To determine whether stimulation with low-intensity ultrasound will reduce the radiologic healing time of fresh tibial shaft fractures fixed with a reamed and statically locked intramedullary rod.

DESIGN:

Prospective, randomized, double blinded, and placebo controlled.

PATIENTS AND METHODS:

Thirty-two adult patients were included, fifteen in the active ultrasound group and seventeen in the placebo group. They all used an ultrasound device twenty minutes daily for seventy-five days without knowing whether it was active or inactive. Standardized radiographs were taken every third week until healing and at six and twelve months. All radiographs were assessed blinded and independently by a radiologist and an orthopaedic surgeon. The codes were not broken until all fractures had healed and all radiographs had been evaluated.

RESULTS:

The time until the first visible callus averaged 40+/-3 days for the active group and 37+/-3 days for the placebo (p=0.44).

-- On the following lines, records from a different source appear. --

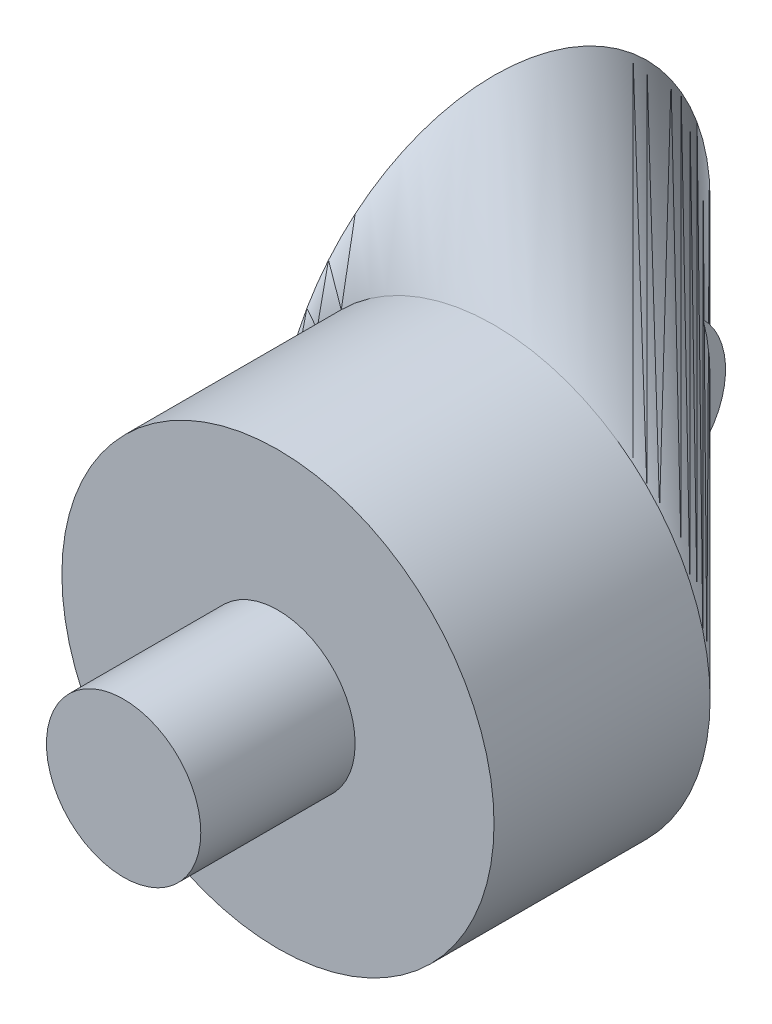
ISO-10303-21;
HEADER;
FILE_DESCRIPTION(('STEP AP214'),'2;1');
FILE_NAME('part.step','',(''),(''),'','','');
FILE_SCHEMA(('AUTOMOTIVE_DESIGN { 1 0 10303 214 1 1 1 1 }'));
ENDSEC;
DATA;
#1=APPLICATION_CONTEXT('core data for automotive mechanical design processes');
#2=APPLICATION_PROTOCOL_DEFINITION('international standard','automotive_design',2000,#1);
#3=PRODUCT_CONTEXT('',#1,'mechanical');
#4=PRODUCT('Part','Part','',(#3));
#5=PRODUCT_RELATED_PRODUCT_CATEGORY('part','',(#4));
#6=PRODUCT_DEFINITION_FORMATION('','',#4);
#7=PRODUCT_DEFINITION_CONTEXT('part definition',#1,'design');
#8=PRODUCT_DEFINITION('design','',#6,#7);
#9=PRODUCT_DEFINITION_SHAPE('','',#8);
#10=(LENGTH_UNIT() NAMED_UNIT(*) SI_UNIT(.MILLI.,.METRE.));
#11=(NAMED_UNIT(*) PLANE_ANGLE_UNIT() SI_UNIT($,.RADIAN.));
#12=(NAMED_UNIT(*) SI_UNIT($,.STERADIAN.) SOLID_ANGLE_UNIT());
#13=UNCERTAINTY_MEASURE_WITH_UNIT(LENGTH_MEASURE(1.E-05),#10,'distance_accuracy_value','');
#14=(GEOMETRIC_REPRESENTATION_CONTEXT(3) GLOBAL_UNCERTAINTY_ASSIGNED_CONTEXT((#13)) GLOBAL_UNIT_ASSIGNED_CONTEXT((#10,
#11,#12)) REPRESENTATION_CONTEXT('',''));
#15=CARTESIAN_POINT('',(0.,0.,0.));
#16=DIRECTION('',(0.,0.,1.));
#17=DIRECTION('',(1.,0.,0.));
#18=AXIS2_PLACEMENT_3D('',#15,#16,#17);
#19=CARTESIAN_POINT('',(0.,0.,0.));
#20=DIRECTION('',(1.,0.,0.));
#21=DIRECTION('',(0.,0.,-1.));
#22=AXIS2_PLACEMENT_3D('',#19,#20,#21);
#23=PLANE('',#22);
#24=CARTESIAN_POINT('',(0.,0.,0.));
#25=DIRECTION('',(-1.,0.,0.));
#26=DIRECTION('',(0.,0.,1.));
#27=AXIS2_PLACEMENT_3D('',#24,#25,#26);
#28=CIRCLE('',#27,25.);
#29=CARTESIAN_POINT('',(0.,0.,25.));
#30=VERTEX_POINT('',#29);
#31=EDGE_CURVE('E56',#30,#30,#28,.T.);
#32=ORIENTED_EDGE('',*,*,#31,.F.);
#33=EDGE_LOOP('',(#32));
#34=FACE_BOUND('',#33,.T.);
#35=CARTESIAN_POINT('',(0.,0.,0.));
#36=DIRECTION('',(1.,0.,0.));
#37=DIRECTION('',(0.,0.,-1.));
#38=AXIS2_PLACEMENT_3D('',#35,#36,#37);
#39=CIRCLE('',#38,70.);
#40=CARTESIAN_POINT('',(0.,0.,70.));
#41=VERTEX_POINT('',#40);
#42=EDGE_CURVE('E42',#41,#41,#39,.T.);
#43=ORIENTED_EDGE('',*,*,#42,.F.);
#44=EDGE_LOOP('',(#43));
#45=FACE_BOUND('',#44,.T.);
#46=ADVANCED_FACE('F35',(#34,#45),#23,.F.);
#47=CARTESIAN_POINT('',(0.,0.,70.));
#48=DIRECTION('',(0.,1.,0.));
#49=DIRECTION('',(0.,0.,1.));
#50=AXIS2_PLACEMENT_3D('',#47,#48,#49);
#51=DEGENERATE_TOROIDAL_SURFACE('',#50,70.,70.,.T.);
#52=ORIENTED_EDGE('',*,*,#42,.T.);
#53=CARTESIAN_POINT('',(70.,0.,70.));
#54=DIRECTION('',(0.,0.,1.));
#55=DIRECTION('',(1.,0.,0.));
#56=AXIS2_PLACEMENT_3D('',#53,#54,#55);
#57=CIRCLE('',#56,70.);
#58=EDGE_CURVE('E49',#41,#41,#57,.T.);
#59=ORIENTED_EDGE('',*,*,#58,.F.);
#60=EDGE_LOOP('',(#52,#59));
#61=FACE_BOUND('',#60,.T.);
#62=ADVANCED_FACE('F87',(#61),#51,.T.);
#63=CARTESIAN_POINT('',(50.,0.,0.));
#64=DIRECTION('',(-1.,0.,0.));
#65=DIRECTION('',(0.,0.,1.));
#66=AXIS2_PLACEMENT_3D('',#63,#64,#65);
#67=CYLINDRICAL_SURFACE('',#66,25.);
#68=CARTESIAN_POINT('',(50.,0.,0.));
#69=DIRECTION('',(-1.,0.,0.));
#70=DIRECTION('',(0.,0.,1.));
#71=AXIS2_PLACEMENT_3D('',#68,#69,#70);
#72=CIRCLE('',#71,25.);
#73=CARTESIAN_POINT('',(50.,0.,25.));
#74=VERTEX_POINT('',#73);
#75=EDGE_CURVE('E51',#74,#74,#72,.T.);
#76=ORIENTED_EDGE('',*,*,#75,.F.);
#77=EDGE_LOOP('',(#76));
#78=FACE_BOUND('',#77,.T.);
#79=ORIENTED_EDGE('',*,*,#31,.T.);
#80=EDGE_LOOP('',(#79));
#81=FACE_BOUND('',#80,.T.);
#82=ADVANCED_FACE('F89',(#78,#81),#67,.F.);
#83=CARTESIAN_POINT('',(50.,0.,0.));
#84=DIRECTION('',(-1.,0.,0.));
#85=DIRECTION('',(0.,0.,1.));
#86=AXIS2_PLACEMENT_3D('',#83,#84,#85);
#87=PLANE('',#86);
#88=ORIENTED_EDGE('',*,*,#75,.T.);
#89=EDGE_LOOP('',(#88));
#90=FACE_BOUND('',#89,.T.);
#91=ADVANCED_FACE('F85',(#90),#87,.T.);
#92=CARTESIAN_POINT('',(70.,0.,140.));
#93=DIRECTION('',(0.,0.,-1.));
#94=DIRECTION('',(-1.,0.,0.));
#95=AXIS2_PLACEMENT_3D('',#92,#93,#94);
#96=CYLINDRICAL_SURFACE('',#95,70.);
#97=CARTESIAN_POINT('',(70.,0.,140.));
#98=DIRECTION('',(0.,0.,1.));
#99=DIRECTION('',(1.,0.,0.));
#100=AXIS2_PLACEMENT_3D('',#97,#98,#99);
#101=CIRCLE('',#100,70.);
#102=CARTESIAN_POINT('',(140.,0.,140.));
#103=VERTEX_POINT('',#102);
#104=EDGE_CURVE('E59',#103,#103,#101,.T.);
#105=ORIENTED_EDGE('',*,*,#104,.F.);
#106=EDGE_LOOP('',(#105));
#107=FACE_BOUND('',#106,.T.);
#108=ORIENTED_EDGE('',*,*,#58,.T.);
#109=EDGE_LOOP('',(#108));
#110=FACE_BOUND('',#109,.T.);
#111=ADVANCED_FACE('F79',(#107,#110),#96,.T.);
#112=CARTESIAN_POINT('',(70.,0.,140.));
#113=DIRECTION('',(0.,0.,1.));
#114=DIRECTION('',(1.,0.,0.));
#115=AXIS2_PLACEMENT_3D('',#112,#113,#114);
#116=PLANE('',#115);
#117=CARTESIAN_POINT('',(70.,0.,140.));
#118=DIRECTION('',(0.,0.,1.));
#119=DIRECTION('',(1.,0.,0.));
#120=AXIS2_PLACEMENT_3D('',#117,#118,#119);
#121=CIRCLE('',#120,25.);
#122=CARTESIAN_POINT('',(95.,0.,140.));
#123=VERTEX_POINT('',#122);
#124=EDGE_CURVE('E11',#123,#123,#121,.T.);
#125=ORIENTED_EDGE('',*,*,#124,.F.);
#126=EDGE_LOOP('',(#125));
#127=FACE_BOUND('',#126,.T.);
#128=ORIENTED_EDGE('',*,*,#104,.T.);
#129=EDGE_LOOP('',(#128));
#130=FACE_BOUND('',#129,.T.);
#131=ADVANCED_FACE('F73',(#127,#130),#116,.T.);
#132=CARTESIAN_POINT('',(70.,0.,190.));
#133=DIRECTION('',(0.,0.,-1.));
#134=DIRECTION('',(-1.,0.,0.));
#135=AXIS2_PLACEMENT_3D('',#132,#133,#134);
#136=CYLINDRICAL_SURFACE('',#135,25.);
#137=CARTESIAN_POINT('',(70.,0.,190.));
#138=DIRECTION('',(0.,0.,1.));
#139=DIRECTION('',(1.,0.,0.));
#140=AXIS2_PLACEMENT_3D('',#137,#138,#139);
#141=CIRCLE('',#140,25.);
#142=CARTESIAN_POINT('',(95.,0.,190.));
#143=VERTEX_POINT('',#142);
#144=EDGE_CURVE('E63',#143,#143,#141,.T.);
#145=ORIENTED_EDGE('',*,*,#144,.F.);
#146=EDGE_LOOP('',(#145));
#147=FACE_BOUND('',#146,.T.);
#148=ORIENTED_EDGE('',*,*,#124,.T.);
#149=EDGE_LOOP('',(#148));
#150=FACE_BOUND('',#149,.T.);
#151=ADVANCED_FACE('F70',(#147,#150),#136,.T.);
#152=CARTESIAN_POINT('',(70.,0.,190.));
#153=DIRECTION('',(0.,0.,1.));
#154=DIRECTION('',(1.,0.,0.));
#155=AXIS2_PLACEMENT_3D('',#152,#153,#154);
#156=PLANE('',#155);
#157=ORIENTED_EDGE('',*,*,#144,.T.);
#158=EDGE_LOOP('',(#157));
#159=FACE_BOUND('',#158,.T.);
#160=ADVANCED_FACE('F68',(#159),#156,.T.);
#161=CLOSED_SHELL('',(#46,#62,#82,#91,#111,#131,#151,#160));
#162=MANIFOLD_SOLID_BREP('B2',#161);
#163=ADVANCED_BREP_SHAPE_REPRESENTATION('',(#18,#162),#14);
#164=SHAPE_DEFINITION_REPRESENTATION(#9,#163);
ENDSEC;
END-ISO-10303-21;

The healing time, defined as radiologic bridging of three cortices, was on average 155+/-22 days (median 113 days) for the active treatment group and 125+/-11 days (median 112 days) for the placebo group (p=0.76) as assessed by the radiologist and 128+/-13 days for the active group and 114+/-9 days for the placebo group (p=0.40) as evaluated by the orthopaedic surgeon.

CONCLUSION:

We conclude that low-intensity ultrasound treatment did not shorten healing time in fresh tibial fractures treated with a reamed and statically locked intramedullary nail. Our results are not in accordance with previous findings reporting reduced healing time in nonoperatively treated tibial shaft fractures when subjected to ultrasound.

PMID:
10342350
[PubMed - indexed for MEDLINE]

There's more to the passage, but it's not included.